I can go back and exchange it for the injectible. I found some stuff called Ivermectin...but only in a syringe form for horses. Could this work for pigeons if I give the right amount? It was $13.00, so I can definetely afford it. 

Now for the update...he is drinking a LOT of water...his poop is a good portion water with a little bit of green stuff. He isn't eating much..should I force feed him baby formula with a syringe? He is very lethargic...I hope they don't eat everything and I also hope a good amount of the worms came out in his big poo because there were at least 15 in there.

Let me know, and I will go back and pick up the syringe.

Thanks!
Tessa


----------



## PigeonLoVr1456 (Jul 20, 2002)

Oh and here are the specifics on the paste that was in a syringe form for horses...

1.87% paste
.20 oz syringe
For a 1250 lb horse

Thats the stuff they had that was called Ivermectin.

Tessa


----------



## Pigeonpal2002 (Jul 27, 2002)

Hi Tessa, 

I'm not familiar with Wazine. Did they have ivomec injectable? Ivomec was made for cattle but it is used to treat pigeons as well. It's up to you but I have no knowledge of this product. Did you try to contact that pigeon guy again to see if he has a wormer? If you could get the injectable then I can help you. Do you have a digital scale to weigh the bird? If you don't then we're going to have to just go the old fashioned way and just give the bird a few drops of ivomec from an eyedropper. This is fine anyways because the bird needs to be treated ASAP. Let me know what you're going to do.


----------



## PigeonLoVr1456 (Jul 20, 2002)

I just called Coastal Farm and Ranch and they have Ivomec Injectible for Cattle, I'm going right now to get it...I'll let you know when i'm back. 

Tessa


----------



## PigeonLoVr1456 (Jul 20, 2002)

Oh, I forgot to tell you I can't get ahold of that guy I've tried calling a million times. I would wait for him...but I think this bird is close to death. I want to treat him ASAP...anyhow I'll be back soon. 

Thanks for your help
Tessa


----------



## Pigeonpal2002 (Jul 27, 2002)

Ok Tessa, 

Don't worry about the scale and weighing the bird, you need a proper syringe to to this and it'll be more trouble now. We need to act fast so just use an eye dropper. You only want to give the bird about *2-3 drops *from the eyedropper down it's throat. You're going to have to sit the bird in your lap, perhaps gently wrap a towel around it's body to restrain it from struggling. Then, gently pry the beak open with your thumb and index finger at the corners of it's mouth. Keep your fingers there to wedge the beak open and hold the head and neck upright so that it's towards the ceiling. Put the eye dropper down the throat of the bird far enough past it's windpipe, (the small opening behind the tongue) and squeeze a few drops out of the eyedropper. Don't panic but you will probably see more worms come out in the feces not too much longer after the treatment. Please keep this bird warm and quiet afterwards. It sounds like he has a very bad infestation. Keep me posted how it goes.


----------



## PigeonLoVr1456 (Jul 20, 2002)

Alright I bought the Ivomec Plus for cattle injection. 

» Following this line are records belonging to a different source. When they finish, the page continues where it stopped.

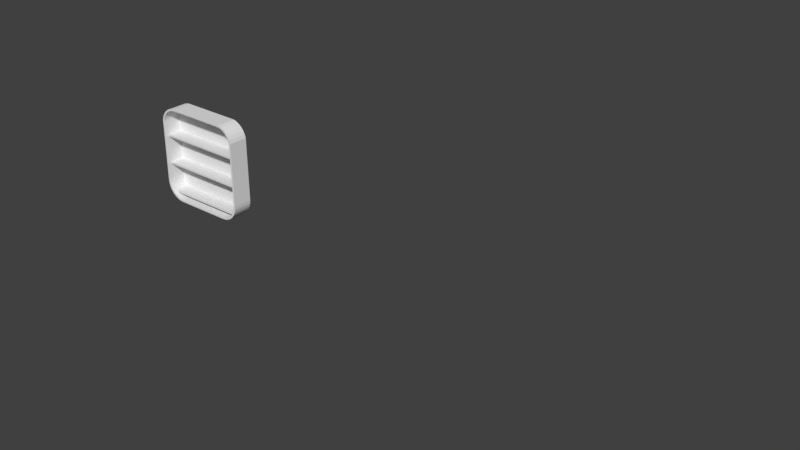 # Source: PipeShelf.blend  (saved by Blender 2.79.0; exported with 4.5.12 LTS)
import bpy
from mathutils import Matrix  # noqa: F401  (used for matrix-valued properties, if any)

bpy.ops.wm.read_factory_settings(use_empty=True)
scene = bpy.context.scene
scene.name = 'Scene'

# ---- collections
col_collection_1 = bpy.data.collections.new('Collection 1'); scene.collection.children.link(col_collection_1)

# ---- materials (node trees are filled in below, after node groups)
mat_white = bpy.data.materials.new('White')
mat_white.alpha_threshold = 0.0
mat_white.use_transparent_shadow = False
mat_white.roughness = 0.5

# ---- material node trees

# ---- world
world_world = bpy.data.worlds.new('World'); scene.world = world_world
world_world.color = (0.05088, 0.05088, 0.05088)
world_world.use_sun_shadow = False
world_world.sun_shadow_jitter_overblur = 0.0
world_world.cycles.sampling_method = 'MANUAL'

# ---- meshes
me_circle = bpy.data.meshes.new('Circle')
me_circle.from_pydata([(0.0, 4.217, 0.0), (-0.1951, 4.198, 0.0), (-0.7071, 3.924, 0.0), (-0.8315, 3.773, 0.0), (-0.9808, 3.412, 0.0), (-1.0, 7.55e-08, 0.0), (-0.9808, -0.1951, 0.0), (-0.9239, -0.3827, 0.0), (-0.8315, -0.5556, 0.0), (-0.7071, -0.7071, 0.0), (-0.5556, -0.8315, 0.0), (-0.3827, -0.9239, 0.0), (-0.1951, -0.9808, 0.0), (3.125, -1.0, 0.0), (3.32, -0.9808, 0.0), (3.508, -0.9239, 0.0), (3.681, -0.8315, 0.0), (3.832, -0.7071, 0.0), (3.956, -0.5556, 0.0), (4.049, -0.3827, 0.0), (4.106, -0.1951, 0.0), (4.125, 9.656e-07, 0.0), (4.106, 3.412, 0.0), (3.832, 3.924, 0.0), (3.32, 4.198, 0.0), (-0.3827, 4.141, 0.0), (-0.5556, 4.049, 0.0), (-0.9239, 3.6, 0.0), (4.049, 3.6, 0.0), (3.956, 3.773, 0.0), (3.681, 4.049, 0.0), (3.508, 4.141, 0.0), (3.258e-07, -1.0, 0.0), (0.0, 4.217, -1.042), (-0.1951, 4.198, -1.042), (-0.7071, 3.924, -1.042), (-0.8315, 3.773, -1.042), (-0.9808, 3.412, -1.042), (-1.0, 7.55e-08, -1.042), (-0.9808, -0.1951, -1.042), (-0.9239, -0.3827, -1.042), (-0.8315, -0.5556, -1.042), (-0.7071, -0.7071, -1.042), (-0.5556, -0.8315, -1.042), (-0.3827, -0.9239, -1.042), (-0.1951, -0.9808, -1.042), (3.125, -1.0, -1.042), (3.32, -0.9808, -1.042), (3.508, -0.9239, -1.042), (3.681, -0.8315, -1.042), (3.832, -0.7071, -1.042), (3.956, -0.5556, -1.042), (4.049, -0.3827, -1.042), (4.106, -0.1951, -1.042), (4.125, 9.656e-07, -1.042), (4.106, 3.412, -1.042), (3.832, 3.924, -1.042), (3.32, 4.198, -1.042), (-0.3827, 4.141, -1.042), (-0.5556, 4.049, -1.042), (-0.9239, 3.6, -1.042), (4.049, 3.6, -1.042), (3.956, 3.773, -1.042), (3.681, 4.049, -1.042), (3.508, 4.141, -1.042), (3.258e-07, -1.0, -1.042), (-0.9211, 2.566, -0.18), (4.057, 2.566, -0.18), (-0.9211, 2.566, -0.9844), (4.057, 2.566, -0.9844), (-0.9211, 1.007, -0.18), (4.057, 1.007, -0.18), (-0.9211, 1.007, -0.9844), (4.057, 1.007, -0.9844), (-0.7259, -0.5684, -0.1904), (3.838, -0.5684, -0.1904), (-0.7259, -0.5684, -0.9679), (3.838, -0.5684, -0.9679)], [], [(21, 20, 53, 54), (18, 17, 50, 51), (27, 3, 36, 60), (22, 21, 54, 55), (19, 18, 51, 52), (6, 5, 38, 39), (29, 28, 61, 62), (20, 19, 52, 53), (7, 6, 39, 40), (23, 29, 62, 56), (28, 22, 55, 61), (8, 7, 40, 41), (31, 30, 63, 64), (30, 23, 56, 63), (9, 8, 41, 42), (24, 31, 64, 57), (0, 24, 57, 33), (10, 9, 42, 43), (13, 32, 65, 46), (11, 10, 43, 44), (1, 0, 33, 34), (12, 11, 44, 45), (26, 25, 58, 59), (32, 12, 45, 65), (2, 26, 59, 35), (14, 13, 46, 47), (3, 2, 35, 36), (15, 14, 47, 48), (4, 27, 60, 37), (16, 15, 48, 49), (5, 4, 37, 38), (17, 16, 49, 50), (25, 1, 34, 58), (58, 34, 33, 57, 64, 63, 56, 62, 61, 55, 54, 53, 52, 51, 50, 49, 48, 47, 46, 65, 45, 44, 43, 42, 41, 40, 39, 38, 37, 60, 36, 35, 59), (66, 67, 69, 68), (70, 71, 73, 72), (74, 75, 77, 76)])
me_circle.materials.append(mat_white)
me_circle.use_remesh_preserve_volume = False
me_circle.use_remesh_preserve_attributes = False
me_circle.use_mirror_vertex_groups = False
me_circle.update()

# ---- objects
ob_circle = bpy.data.objects.new('Circle', me_circle)

# ---- transforms, parenting, visibility, modifiers, constraints
ob_circle.location = (0.2, -0.2, 0.2)
ob_circle.rotation_euler = (1.571, -0.0, 0.0)
ob_circle.scale = (0.192, 0.192, 0.192)
ob_circle.hide_viewport = True
ob_circle.lineart.crease_threshold = 0.0
_m = ob_circle.modifiers.new('Solidify', 'SOLIDIFY')
_m.thickness = 0.1
_m.nonmanifold_thickness_mode = 'FIXED'
_m.nonmanifold_merge_threshold = 0.0003

# ---- collection membership
col_collection_1.objects.link(ob_circle)

# ---- scene / render settings (as saved in the file)
scene.frame_start = 1; scene.frame_end = 250; scene.frame_set(1)
scene.render.engine = 'BLENDER_EEVEE_NEXT'
scene.render.resolution_percentage = 50
scene.render.dither_intensity = 0.0
scene.cycles.use_denoising = False
scene.cycles.samples = 128
scene.cycles.sampling_pattern = 'TABULATED_SOBOL'
scene.cycles.use_adaptive_sampling = False
scene.cycles.use_light_tree = False
scene.cycles.blur_glossy = 0.0
scene.cycles.sample_clamp_indirect = 0.0
scene.view_settings.view_transform = 'Standard'
bpy.context.view_layer.update()

# ---- added for rendering (the .blend has no active camera and no usable light): camera, sun
cam_auto = bpy.data.cameras.new('AutoCamera')
cam_auto.lens = 50.0
cam_auto.sensor_width = 36.0
cam_auto.clip_end = 1000.0
ob_auto_camera = bpy.data.objects.new('AutoCamera', cam_auto)
scene.collection.objects.link(ob_auto_camera)
ob_auto_camera.location = (8.39735, -6.59316, 4.94705)
ob_auto_camera.rotation_euler = (1.09748, -7.21219e-08, 0.694738)
scene.camera = ob_auto_camera
light_auto_sun = bpy.data.lights.new('AutoSun', 'SUN')
light_auto_sun.energy = 3.0
light_auto_sun.angle = 0.0523599
ob_auto_sun = bpy.data.objects.new('AutoSun', light_auto_sun)
scene.collection.objects.link(ob_auto_sun)
ob_auto_sun.rotation_euler = (0.872665, 0.174533, 0.523599)
bpy.context.view_layer.update()

Is Ivomec PLUS okay? The lady told me the only difference is that it treats one different type of worm. 

I am going to treat him after I post this, if PLUS is okay. I will tell you how it goes. 

Do I need to treat him more than once, perhaps in a couple weeks? 

Thanks, I hope everything goes well.

Tessa


----------



## Pigeonpal2002 (Jul 27, 2002)

Hi Tessa,

Yes, the ivomec PLUS is fine. Just remember only 2 or 3 drops. He will need to be treated again in about 2 weeks time and then again in another two weeks. Let us know how it goes. I hope this bird will be ok.


----------



## PigeonLoVr1456 (Jul 20, 2002)

Will this wormer medication react badly with the medication i already put in his water? it is a powder I put in his water yesterday for cocci and canker...I will wait until you reply just to be sure. We have everything ready.

Tessa


----------



## Pigeonpal2002 (Jul 27, 2002)

Hi Tessa, 

What is this medication exactly?


----------



## PigeonLoVr1456 (Jul 20, 2002)

The guy who gave me the meds won't be home till 9:00. 

Maybe it will help if I tell you a little about it...
It is a white powder and you put 1 teaspoon per liter of water. 

Sorry I can't be more help...all I know is it is for Canker and Cocci only. 

Tessa


----------



## Pigeonpal2002 (Jul 27, 2002)

I meant to ask you as well.....how is the bird doing? Does he seem very ill at this point? You are really not supposed to give any worming medications to severely ill pigeons. I'm worried though because worms in themselves can kill pigeons if the infestation is bad enough.


----------



## PigeonLoVr1456 (Jul 20, 2002)

he is actually doing pretty good. He is preening himself, drinking a LOT, and occasionally eating. When the guy picked him up yesterday, he said he felt pretty light for his age and asked if he was eating. I told him yes. There is one really strange thing...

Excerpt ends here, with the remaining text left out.